I mostly think it's bad and not statistically sound; given profile data the compiler is both overly trusting of it (no error bars) and can't find much useful to do with it (because there's no way to hint a modern OoO CPU).


Or you could just be pessimistic in your offset calculation and assume that all "in between" unconditional jumps are 5 bytes in length. I know I know, not proper. But I doubt that in real code, that simpler algo would make you miss a lot of opportunities for 2 bytes jumps.


Yeah, this is a fun problem. This is where the majority of my work went when writing an x86-virus that lived in the NOP areas between functions. Compilers produced those blocks of NOPs after function bodies to make the following function addresses aligned to to 16-byte boundaries. I chained all of those cavities together with jumps, distributing as much code as would fit and then putting a jump to the next cavity at the end. The trick is that you could fit more instructions (3 more bytes?) if you had a shorter jump.

I still want to write my own assembler some day.


This is basically irrelevant now that better ISAs like RISC-V have a fixed instruction length (2 or 4 bytes) so the fancy algorithm here isn't necessary.


That fancy algorithm is relevant to RISC-V (and in fact, most fixed-length ISAs) because loading an immediate into a register needs one or two instructions depending on the immediate; you surely want to elide a redundant LUI instruction if you can.
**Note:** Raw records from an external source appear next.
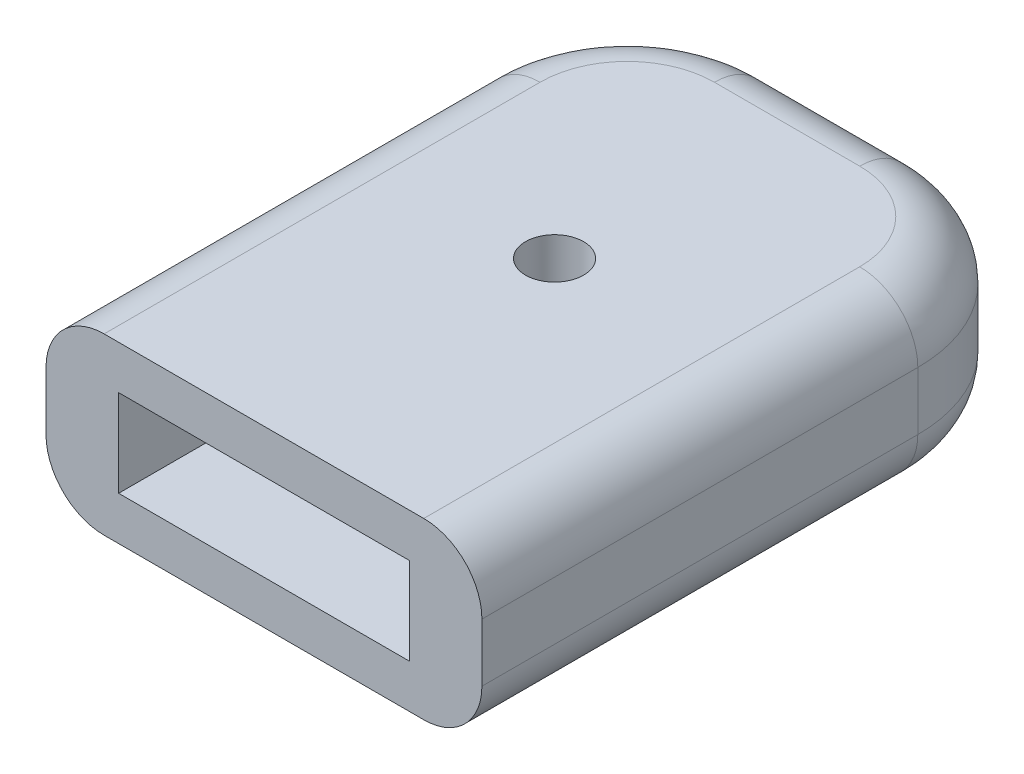
from build123d import *

# Parameters (mm, degrees)
SKETCH1_W           = 15
SKETCH1_H           = 20
BOSS_EXTRUDE1_DEPTH = 6
SKETCH2_W           = 10
SKETCH2_H           = 3
CUT_EXTRUDE1_DEPTH  = 16
FILLET1_R           = 5
FILLET2_R           = 5
FILLET3_R           = 2
SKETCH3_R           = 1
CUT_EXTRUDE2_DEPTH  = 16


with BuildPart() as part:
    # Sketch1 → Boss-Extrude1 (new body)
    with BuildSketch(Plane(origin=(0, 0, 0), x_dir=(1, 0, 0), z_dir=(0, 1, 0))):
        Rectangle(SKETCH1_W, SKETCH1_H)
    extrude(amount=BOSS_EXTRUDE1_DEPTH)

    # Sketch2 → Cut-Extrude1 (cut)
    with BuildSketch(Plane.XY.offset(10)):
        with Locations((0, 3)):
            Rectangle(SKETCH2_W, SKETCH2_H)
    extrude(amount=-CUT_EXTRUDE1_DEPTH, mode=Mode.SUBTRACT)

    # Fillet1
    fillet1_edges = [part.edges().sort_by_distance(p)[0] for p in [
        (7.5, 3, -10),
    ]]
    fillet(fillet1_edges, radius=FILLET1_R)

    # Fillet2
    fillet2_edges = [part.edges().sort_by_distance(p)[0] for p in [
        (-7.5, 3, -10),
    ]]
    fillet(fillet2_edges, radius=FILLET2_R)

    # Fillet3
    fillet3_edges = [part.edges().sort_by_distance(p)[0] for p in [
        (7.5, 6, 2.5),
        (0, 0, -10),
        (0, 6, -10),
        (6.035533906, 0, -8.535533906),
        (6.035533906, 6, -8.535533906),
        (-7.5, 0, 2.5),
        (-7.5, 6, 2.5),
        (-6.035533906, 0, -8.535533906),
        (-6.035533906, 6, -8.535533906),
        (7.5, 0, 2.5),
    ]]
    fillet(fillet3_edges, radius=FILLET3_R)

    # Sketch3 → Cut-Extrude2 (cut)
    with BuildSketch(Plane.XZ):
        with Locations(Location((0, 0, 0), (0, 0, 270))):
            Circle(SKETCH3_R)
    extrude(amount=-CUT_EXTRUDE2_DEPTH, mode=Mode.SUBTRACT)


solid = part.part

Of course such redundant instructions don't harm by itself, but that equally applies to x86 as the algorithm is an optimization.


As a result of RISC-V existing, all x86 processors have ceased to exist or be produced.


Accurate, if said sometime in the future rather than today.


There are still people making z80 machines today, so no.


This same problem applies to RISC-V with the C extension, because the J and JAL instructions have a larger range than the C.J and C.JAL instructions.


Having fixed instruction length doesn't make the need to load large constants magically disappear. These just get split between multiple instructions. If anything, RISC-V might be worse. See also https://maskray.me/blog/2021-03-14-the-dark-side-of-riscv-li....


ARM would have been a better example because the amount of people that care about RISC-V is a rounding error compared to x86 or ARM.